Renowned mental health expert and former Australian of the Year Professor Patrick McGorry has called for urgent action to "flatten the curve" of suicide risk.
He has launched a stinging attack on the Federal Government's "weak" response to the nation's collectively flailing mental health compared to the arsenal of measures it has introduced to safeguard people's physical health during COVID-19.
"You have to ask the question, is a life lost to suicide worth less than a life lost to COVID-19?" Professor McGorry said.
"If you look at the behaviour of government, you would have to say yes.
"We've turned the country upside down over the physical threat (of the virus) and sent out a few wellbeing messages about mental health.
"We have to change that."
Professor McGorry, who will join this year's virtual Albury-Wodonga Winter Solstice event on June 21, is deeply concerned by the prospect of "a significant rise in suicide" driven by the economic consequences of the pandemic.

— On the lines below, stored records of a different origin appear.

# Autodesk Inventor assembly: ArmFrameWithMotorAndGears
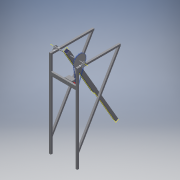
[picture p0: Inventor's stored thumbnail of the model, 180x180]
Saved by Autodesk Inventor 2018.2 (Build 222227000, 227)
## iProperties
Created: 2018-02-07
Part Number: ArmFrameWithMotorAndGears
Document SubType Name: Assembly
Designer: steele
Author: steele
## Documents named in this file (14)
- D:\snobotics\CAD-Development\robSteele\2018-FRC\Arm\ArmFrameWithMotorAndGears.iam
- D:\snobotics\CAD-Development\robSteele\2018-FRC\Arm\armFrame.ipt
- D:\snobotics\CAD-Development\robSteele\2018-FRC\Arm\hexExtrusion.ipt
- D:\snobotics\CAD-Development\robSteele\2018-FRC\Arm\ArmFrameWithMotorAndGears\Design Accelerator\Chain Drive1.iam
- D:\snobotics\CAD-Development\robSteele\2018-FRC\Arm\AM Rev 3209 Motor Mount.ipt
- D:\snobotics\CAD-Development\robSteele\2018-FRC\Arm\BaneBot220GearBox.ipt
- D:\snobotics\CAD-Development\robSteele\2018-FRC\Arm\2inSquareArmTube.ipt
- D:\snobotics\CAD-Development\robSteele\2018-FRC\Arm\1_5inSquareArmTube.ipt
- D:\snobotics\CAD-Development\robSteele\2018-FRC\Arm\30-60-supportBrace.ipt
- D:\snobotics\CAD-Development\robSteele\2018-FRC\Arm\30-60-supportBrace_MIR.ipt
- D:\snobotics\CAD-Development\robSteele\2018-FRC\Arm\ArmFrameWithMotorAndGears\Design Accelerator\Bolted Connection2.iam
- D:\snobotics\CAD-Development\robSteele\2018-FRC\Arm\ArmFrameWithMotorAndGears\Design Accelerator\Bolted Connection3.iam
- D:\snobotics\CAD-Development\robSteele\2018-FRC\Arm\ArmFrameWithMotorAndGears\Design Accelerator\Bolted Connection4.iam
- D:\snobotics\CAD-Development\robSteele\2018-FRC\Arm\ArmFrameWithMotorAndGears\Design Accelerator\Bolted Connection5.iam
## Components (14 placed, 10 different names)
1. armFrame:1 — Mate:2, Mate:3, Mate:4, Mate:5, Mate:6, Mate:7, Mate:11, Flush:2, Flush:3, Mate:15, Mate:16, Flush:4
2. hexExtrusion:1 — Flush:1, Mate:8, Mate:12, Mate:13
3. Chain Drive:1 [sub-assembly]
4. AM Rev 3209 Motor Mount:1 — Mate:2, Mate:3, Mate:4, Mate:21, Mate:22, Mate:23, Mate:24
5. AM Rev 3209 Motor Mount:2 — Mate:5, Mate:6, Mate:7, Mate:8, Mate:17, Mate:18, Mate:19, Mate:20
6. BaneBot220GearBox:1 — Mate:11, Flush:2, Flush:3
7. 2inSquareArmTube:1 — Mate:12, Mate:13, Mate:14
8. 1_5inSquareArmTube:1 — Mate:14
9. 30-60-supportBrace:1 — Mate:15, Mate:16, Flush:4
10. 30-60-supportBrace_MIR:1
11. Bolted Connection:1 [sub-assembly] — Mate:17, Mate:18
12. Bolted Connection:2 [sub-assembly] — Mate:19, Mate:20
13. Bolted Connection:3 [sub-assembly] — Mate:21, Mate:22
14. Bolted Connection:4 [sub-assembly] — Mate:23, Mate:24
## Relationships (25: Mate 21, Flush 4)
- Flush:1: hexExtrusion:1
- Mate:2: armFrame:1 ↔ AM Rev 3209 Motor Mount:1
- Mate:3: armFrame:1 ↔ AM Rev 3209 Motor Mount:1
- Mate:4 (-88.9 mm): armFrame:1 ↔ AM Rev 3209 Motor Mount:1
- Mate:5: armFrame:1 ↔ AM Rev 3209 Motor Mount:2
- Mate:6: armFrame:1 ↔ AM Rev 3209 Motor Mount:2
- Mate:7 (-88.9 mm): armFrame:1 ↔ AM Rev 3209 Motor Mount:2
- Mate:8: hexExtrusion:1 ↔ AM Rev 3209 Motor Mount:2
- Mate:11: armFrame:1 ↔ BaneBot220GearBox:1
- Flush:2 (203.2 mm): armFrame:1 ↔ BaneBot220GearBox:1
- Flush:3 (6.35 mm): armFrame:1 ↔ BaneBot220GearBox:1
- Mate:12: hexExtrusion:1 ↔ 2inSquareArmTube:1
- Mate:13: hexExtrusion:1 ↔ 2inSquareArmTube:1
- Mate:14 (-152.4 mm): 2inSquareArmTube:1 ↔ 1_5inSquareArmTube:1
- Mate:15: armFrame:1 ↔ 30-60-supportBrace:1
- Mate:16: armFrame:1 ↔ 30-60-supportBrace:1
- Flush:4: armFrame:1 ↔ 30-60-supportBrace:1
- Mate:17: AM Rev 3209 Motor Mount:2 ↔ Bolted Connection:1
- Mate:18: AM Rev 3209 Motor Mount:2 ↔ Bolted Connection:1
- Mate:19: AM Rev 3209 Motor Mount:2 ↔ Bolted Connection:2
- Mate:20: AM Rev 3209 Motor Mount:2 ↔ Bolted Connection:2
- Mate:21: AM Rev 3209 Motor Mount:1 ↔ Bolted Connection:3
- Mate:22: AM Rev 3209 Motor Mount:1 ↔ Bolted Connection:3
- Mate:23: AM Rev 3209 Motor Mount:1 ↔ Bolted Connection:4
- Mate:24: AM Rev 3209 Motor Mount:1 ↔ Bolted Connection:4

In March crisis support service Lifeline reported its busiest month on record with almost 90,000 calls received.
"COVID-19 has highlighted how fragile and important mental health is for everyone in the community," Professor McGorry said.
"In normal disasters we know there will be a rise in 'caseness' for depression and psychosis and that at least 20 per cent of the population will be at risk - this disaster is pretty abnormal.
"Unemployment is tipped to rise to between 10 and 15 per cent and in young people that's more likely to be between 20 and 30 per cent.
"It's very important we mobilise the troops to flatten the curve of suicidal risk."
Professor McGorry said every community in Australia should be following the Border's lead and running a Winter Solstice event.
"Where is the leadership from other towns and cities - people have lost loved ones in every community in Australia," he said.
The director of lobby group Australians For Mental Health also called on state and federal governments to move their mental health plans beyond the "soft and superficial" ahead of National Cabinet talks on the matter next week.
"With mental health we love to retreat to wellbeing messages about sleeping and eating well and getting enough exercise," Professor McGorry lamented
"It more or less stops there. There is no ramping up of any kind and we don't use critical language around illness or preventing deaths."